ASBURY PARK, N.J. (CBSNewYork) -- New Jersey Gov. Chris Christie responded harshly Monday to bombshell comments about rape made by a Missouri Senate candidate.
Six-term congressman Todd Akin continued to come under fire Monday from fellow Republicans and Democrats due to his response to a question about abortion in cases when women become pregnant as a result of rape.
"If it's a legitimate rape, the female body has ways to try and shut that whole thing down," Akin said during a Sunday morning television interview in St. Louis.
Gov. Christie was asked about those remarks at a press conference in Asbury Park. He responded by calling Akin's response "reprehensible."
"It's [an] absolutely asinine, ridiculous statement by the congressman," Christie said. "He should be ashamed of himself to be talking about it in that way. It's stunning to me that somebody who's offering themselves for high office like that would have those kind of thoughts and use that kind of language."

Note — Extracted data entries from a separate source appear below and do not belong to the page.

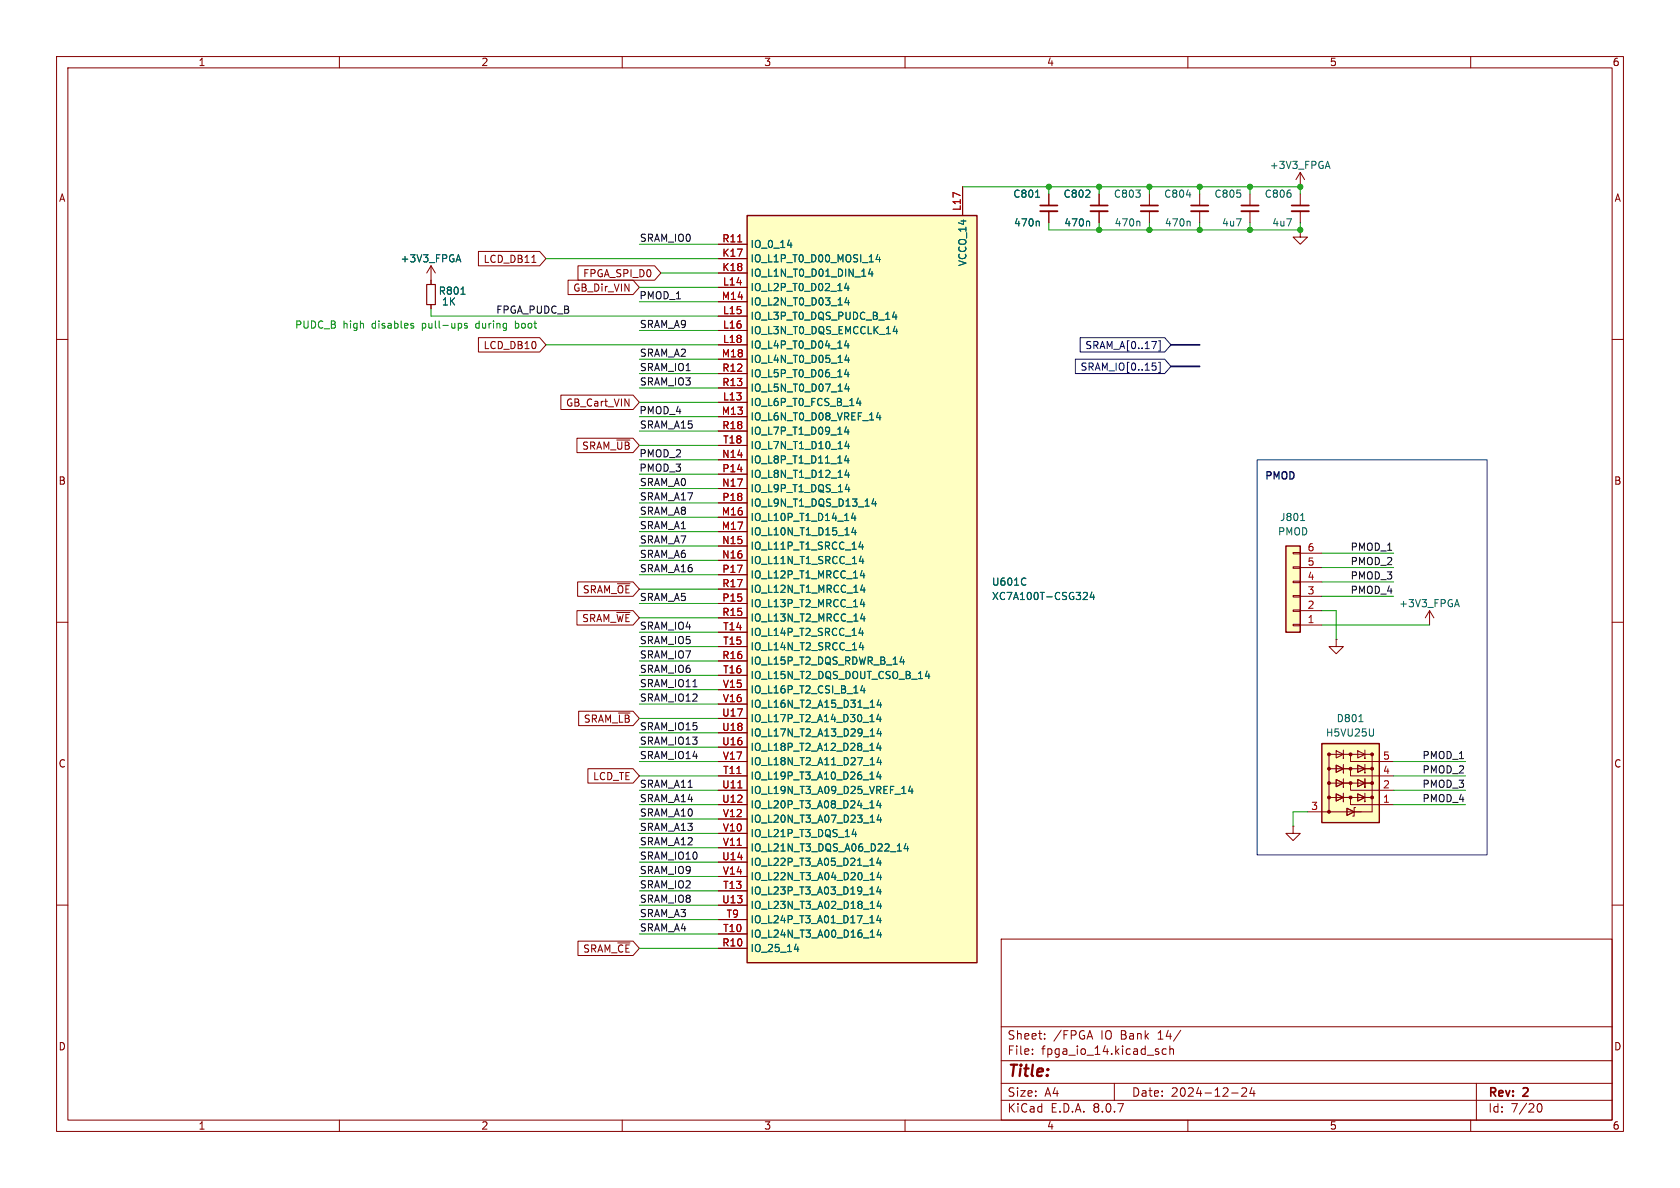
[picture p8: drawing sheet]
<svg xmlns="http://www.w3.org/2000/svg" width="297mm" height="210mm" viewBox="0 0 297 210" stroke-linecap="round" stroke-linejoin="round" font-family="sans-serif">
<g fill="none" stroke="#840000" stroke-width=".18">
<path d="M10 10h277v190h-277zM12 12h273v186h-273zM60 10v2M110 10v2M160 10v2M210 10v2M260 10v2M10 60h2M285 60h2M10 110h2M285 110h2M228.6 146.1v1.2h1.3l-1.3 1.3-1.3-1.3h1.3"/>
<path d="M228.6 146.1h.1M10 160h2M177 166h108v32h-108zM285 160h2M60 198v2M110 198v2M160 198v2M177 194.5h108M177 191.5h108M177 187.5h108M177 181.5h108M182.5 186.3v.1"/>
<path d="M182.5 185.5v.1M184.7 183.6v.1M184.7 182.8v.1M197 191.5v3M206.2 185.5l-.5-.1-.2 .3v.4l.1 .2h.6M206.8 185.5l.2-.1 .4 .1 .1 .9M206.8 184.9v1.5M208.7 182.1l-1.2 2M210 198v2M217.7 193.2h1.2M219.5 192.4l.6-.1 .2 .1 .1 .3-.9 1.1h.9M221.3 192.2l-.3 1.1h.9"/>
<path d="M221.7 192.8v1M260 198v2M261 191.5v6.5M271.7 195.7l.2-.5 .2-.1a.81 .81 0 0 1 .6 .6 .81 .81 0 0 1-.3 .8h-.4l-.3-.5"/>
</g>
<path d="M227.3 96.5h2.6v15.3h-2.6z" fill="#ffffc2"/>
<g fill="none" stroke="#840000" stroke-width=".18">
<path d="M228.6 97.7h1.3v.2h-1.3zM229.9 97.8h3.8M228.6 100.2h1.3v.3h-1.3zM228.6 102.7h1.3v.3h-1.3zM228.6 105.3h1.3v.2h-1.3zM228.6 107.8h1.3v.3h-1.3zM228.6 110.4h1.3v.2h-1.3zM229.9 110.5h3.8M229.9 108h3.8M229.9 105.4h3.8M229.9 102.9h3.8M229.9 100.3h3.8"/>
<path d="M236.2 113v1.3h1.3l-1.3 1.3-1.3-1.3h1.3M236.2 113h.1"/>
</g>
<path d="M227.3 96.5h2.6v15.3h-2.6z" fill="none" stroke="#840000" stroke-width=".25"/>
<path d="M229.9 92h.8" fill="none" stroke="#006464" stroke-width=".18"/>
<path d="M233.7 131.4h10.1v14h-10.1z" fill="#ffffc2"/>
<path d="M233.7 131.4h10.1v14h-10.1z" fill="none" stroke="#840000" stroke-width=".25"/>
<g fill="#840000" stroke="#840000" stroke-width=".18">
<circle cx="234.9" cy="143.5" r=".25"/>
<circle cx="234.9" cy="141" r=".25"/>
<circle cx="238.8" cy="141" r=".25"/>
<circle cx="242.6" cy="141" r=".25"/>
<circle cx="234.9" cy="138.4" r=".25"/>
<circle cx="238.8" cy="138.4" r=".25"/>
<circle cx="242.6" cy="138.4" r=".25"/>
<circle cx="234.9" cy="135.9" r=".25"/>
<circle cx="238.8" cy="135.9" r=".25"/>
<circle cx="242.6" cy="135.9" r=".25"/>
<circle cx="234.9" cy="133.3" r=".25"/>
<circle cx="238.8" cy="133.3" r=".25"/>
<circle cx="242.6" cy="133.3" r=".25"/>
</g>
<g fill="none" stroke="#840000" stroke-width=".18">
<path d="M194.3 34.3v2M194.3 37.3v2.1M203.2 34.3v2M203.2 37.3v2.1M212.1 34.3v2M212.1 37.3v2.1M221 34.3v2M221 37.3v2.1M229.9 30.5l-.8 1.3M229.9 30.5v2.5M229.9 34.3v2M229.9 37.3v2.1"/>
<path d="M229.9 30.5l.7 1.3M229.9 40.6v1.3h-1.3l1.3 1.3 1.2-1.3h-1.2M229.9 40.6h.1M252.7 108l.8 1.2M252.7 108v2.5M252.7 108l-.7 1.2M234.9 138.4v2.6h2.6M234.9 135.9v2.5h2.6M234.9 135.9v-2.5h7.7v10.1h-11.5M234.9 135.9h7.7M236.2 137.8l1.3 .6-1.3 .7zM236.2 135.3l1.3 .6-1.3 .6z"/>
<path d="M236.2 132.7l1.3 .7-1.3 .6zM237.5 137.7v1.5v-.1M237.5 135.1v1.6v-.2M237.5 132.6v1.5v-.1M237.5 138.4h5.1M238.8 138.4v1.3h7.6M238.8 135.9v1.3h7.6M238.8 133.4v1.2h7.6M240 137.8l1.3 .6-1.3 .7zM240 135.3l1.3 .6-1.3 .6zM240 132.7l1.3 .7-1.3 .6zM241.3 137.7v1.5v-.1"/>
<path d="M241.3 135.1v1.6v-.2M241.3 132.6v1.5v-.1M234.9 141v2.5M236.2 140.3l1.3 .7-1.3 .6zM237.5 140.2v1.5v-.1M237.5 141h5.1M238.1 142.9l1.3 .6-1.3 .6zM238.8 141v1.2h7.6M239.6 142.7h-.2v1.6h-.3M240 140.3l1.3 .7-1.3 .6zM241.3 140.2v1.5v-.1"/>
</g>
<path d="M192.4 39.1l.2 .2v.6M201.3 39.1l.2 .2v.6M209.7 34.4h.8M210.2 39.1l.2 .2v.6M234.4 29.4h.6M234.7 28.5l.4 1.3M257.3 106.9h.6M257.6 106l.4 1.3M240.2 127.6h.8M242.8 128.8v1.1l-.1 .2" fill="none" stroke="#006464" stroke-width=".18"/>
<path d="M192.8 37.3h3M201.7 37.3h3M210.6 37.3h3M219.5 37.3h3M228.3 37.3h3.1" fill="none" stroke="#840000" stroke-width=".33"/>
<path d="M192.8 36.3h3M201.7 36.3h3M210.6 36.3h3M219.5 36.3h3M228.3 36.3h3.1" fill="none" stroke="#840000" stroke-width=".3"/>
<path d="M132.1 38.1h40.6v132.1h-40.6z" fill="#ffffc2"/>
<path d="M132.1 38.1h40.6v132.1h-40.6z" fill="none" stroke="#840000" stroke-width=".25"/>
<g fill="none" stroke="#840000" stroke-width=".18">
<path d="M170.2 33v5.1M185.4 34.3v2M185.4 37.3v2.1M194.3 34.3v2M194.3 37.3v2.1M76.2 47l-.8 1.3M76.2 47v3.3M76.2 53.8v.8M76.2 47l.8 1.3M84.6 44.4h10.8l1.1 1.3-1.1 1.3h-10.8zM84.6 59.7h10.8l1.1 1.3-1.1 1.2h-10.8zM94 46.4h.7"/>
<path d="M100.4 49.5h11.5l1.1 1.3-1.1 1.3h-11.5zM102.2 47h13.5l1.1 1.3-1.1 1.2h-13.5zM127 45.7h5.1M127 48.3h5.1M127 50.8h5.1M127 55.9h5.1M127 58.4h5.1M127 53.3h5.1M127 43.2h5.1M99.2 69.8h12.7l1.1 1.3-1.1 1.3h-12.7zM102 77.5h9.9l1.1 1.2-1.1 1.3h-9.9zM127 71.1h5.1"/>
<path d="M127 61h5.1M127 73.7h5.1M127 63.5h5.1M127 66h5.1M127 68.6h5.1M127 76.2h5.1M127 78.7h5.1M127 91.4h5.1M127 94h5.1M127 81.3h5.1M127 96.5h5.1M127 99.1h5.1"/>
<path d="M127 86.4h5.1M127 83.8h5.1M127 88.9h5.1M102 107.9h9.9l1.1 1.3-1.1 1.3h-9.9zM102.1 102.9h9.8l1.1 1.2-1.1 1.3h-9.8zM127 106.7h5.1M127 101.6h5.1M127 109.2h5.1M127 116.8h5.1M127 104.1h5.1M127 111.8h5.1M127 114.3h5.1"/>
<path d="M127 119.4h5.1M102.3 125.7h9.6l1.1 1.3-1.1 1.3h-9.6zM103.9 135.9h8l1.1 1.3-1.1 1.2h-8zM127 137.2h5.1M127 139.7h5.1M127 132.1h5.1M127 127h5.1M127 129.5h5.1M127 121.9h5.1M127 124.5h5.1M127 134.6h5.1M127 157.5h5.1"/>
<path d="M127 142.2h5.1M127 152.4h5.1M127 147.3h5.1M127 149.9h5.1M127 144.8h5.1M127 154.9h5.1M102.2 166.4h9.7l1.1 1.2-1.1 1.3h-9.7zM127 167.6h5.1M127 165.1h5.1M127 162.6h5.1M127 160h5.1"/>
</g>
<g fill="none" stroke="#006464" stroke-width=".18">
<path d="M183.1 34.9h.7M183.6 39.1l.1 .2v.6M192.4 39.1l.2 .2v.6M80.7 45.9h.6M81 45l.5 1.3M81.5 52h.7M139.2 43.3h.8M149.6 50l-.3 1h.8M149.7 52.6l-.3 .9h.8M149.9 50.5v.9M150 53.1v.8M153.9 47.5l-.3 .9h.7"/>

While pressure is mounting from across the country for Akin to leave his Senate race against incumbent Democrat Claire McCaskill, he is vowing to press on after stating he "misspoke" in the interview.
But he shouldn't count on Gov. Christie to campaign for him.
"I'm not going out there and working for him. I can guarantee you that -- not after those comments," Christie said.
However, in terms of Akin dropping out of the race, Christie did not take a stance, saying that "Every candidate has to make their own decision on that."
"That's his call to make," Christie said.
Two Republican senators, including Massachusetts' Scott Brown, called on Akin to resign his Senate nomination.
Reports also surfaced that the National Republican Senatorial Campaign Committee has withdrawn $5 million in advertising money.
The Romney campaign stopped short of calling for Akin to drop out, but responded with the following statement:
"Governor Romney and Congressman Ryan disagree with Mr. Akin's statement, and a Romney-Ryan administration would not oppose abortion in instances of rape," the statement read.
Meanwhile, Akin's suggestion that the bodies of women who are raped by force will generally reject a pregnancy was called "offensive" by President Barack Obama.
"Rape is rape and the idea that we should be parsing and qualifying and slicing what types of rape we are talking about doesn't make sense to the American people and certainly doesn't make sense to me," Obama said.
Christie said he was "happy" to add his voice to the public fileting of the congressman from "across our party and across the country."
"I'm happy to add my voice to that denouncement of his words and his thoughts -- because they're both equally bad," Christie said.